Source data:

----

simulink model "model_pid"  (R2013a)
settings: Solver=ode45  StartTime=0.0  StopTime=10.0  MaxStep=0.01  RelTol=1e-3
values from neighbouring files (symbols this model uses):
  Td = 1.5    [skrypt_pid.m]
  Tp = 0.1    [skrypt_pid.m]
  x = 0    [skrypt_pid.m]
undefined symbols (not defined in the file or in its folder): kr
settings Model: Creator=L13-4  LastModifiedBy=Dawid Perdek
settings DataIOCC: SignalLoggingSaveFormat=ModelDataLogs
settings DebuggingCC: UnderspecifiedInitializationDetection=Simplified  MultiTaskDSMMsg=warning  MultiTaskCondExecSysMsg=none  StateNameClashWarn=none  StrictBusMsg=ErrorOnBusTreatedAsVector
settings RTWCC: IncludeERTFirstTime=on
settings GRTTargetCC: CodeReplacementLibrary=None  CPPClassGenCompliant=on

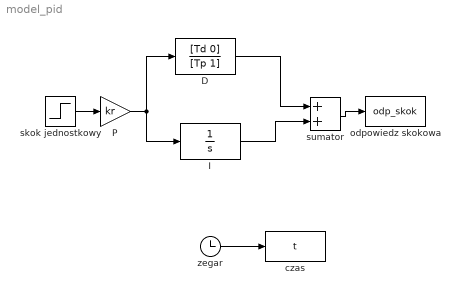
== system model_pid ==
  D : TransferFcn  Numerator=[Td 0]  Denominator=[Tp 1]
  I : TransferFcn  Numerator=[ 1 ]  Denominator=[1 0]
  P : Gain  Gain=kr
  czas : ToWorkspace  VariableName=t  SampleTime=-1
  odpowiedz skokowa : ToWorkspace  VariableName=odp_skok  SampleTime=-1
  skok jednostkowy : Step  Time=x  SampleTime=0
  sumator : Sum
  zegar : Clock
  wires:
  skok jednostkowy/1 -> P/1
  sumator/1 -> odpowiedz skokowa/1
  zegar/1 -> czas/1
  I/1 -> sumator/2
  P/1 -> I/1, D/1
  D/1 -> sumator/1

----

**Requirement**:
Collect each line of the entries that has the word "symbols", copying it in full.

**Answer area**:
values from neighbouring files (symbols this model uses):
undefined symbols (not defined in the file or in its folder): kr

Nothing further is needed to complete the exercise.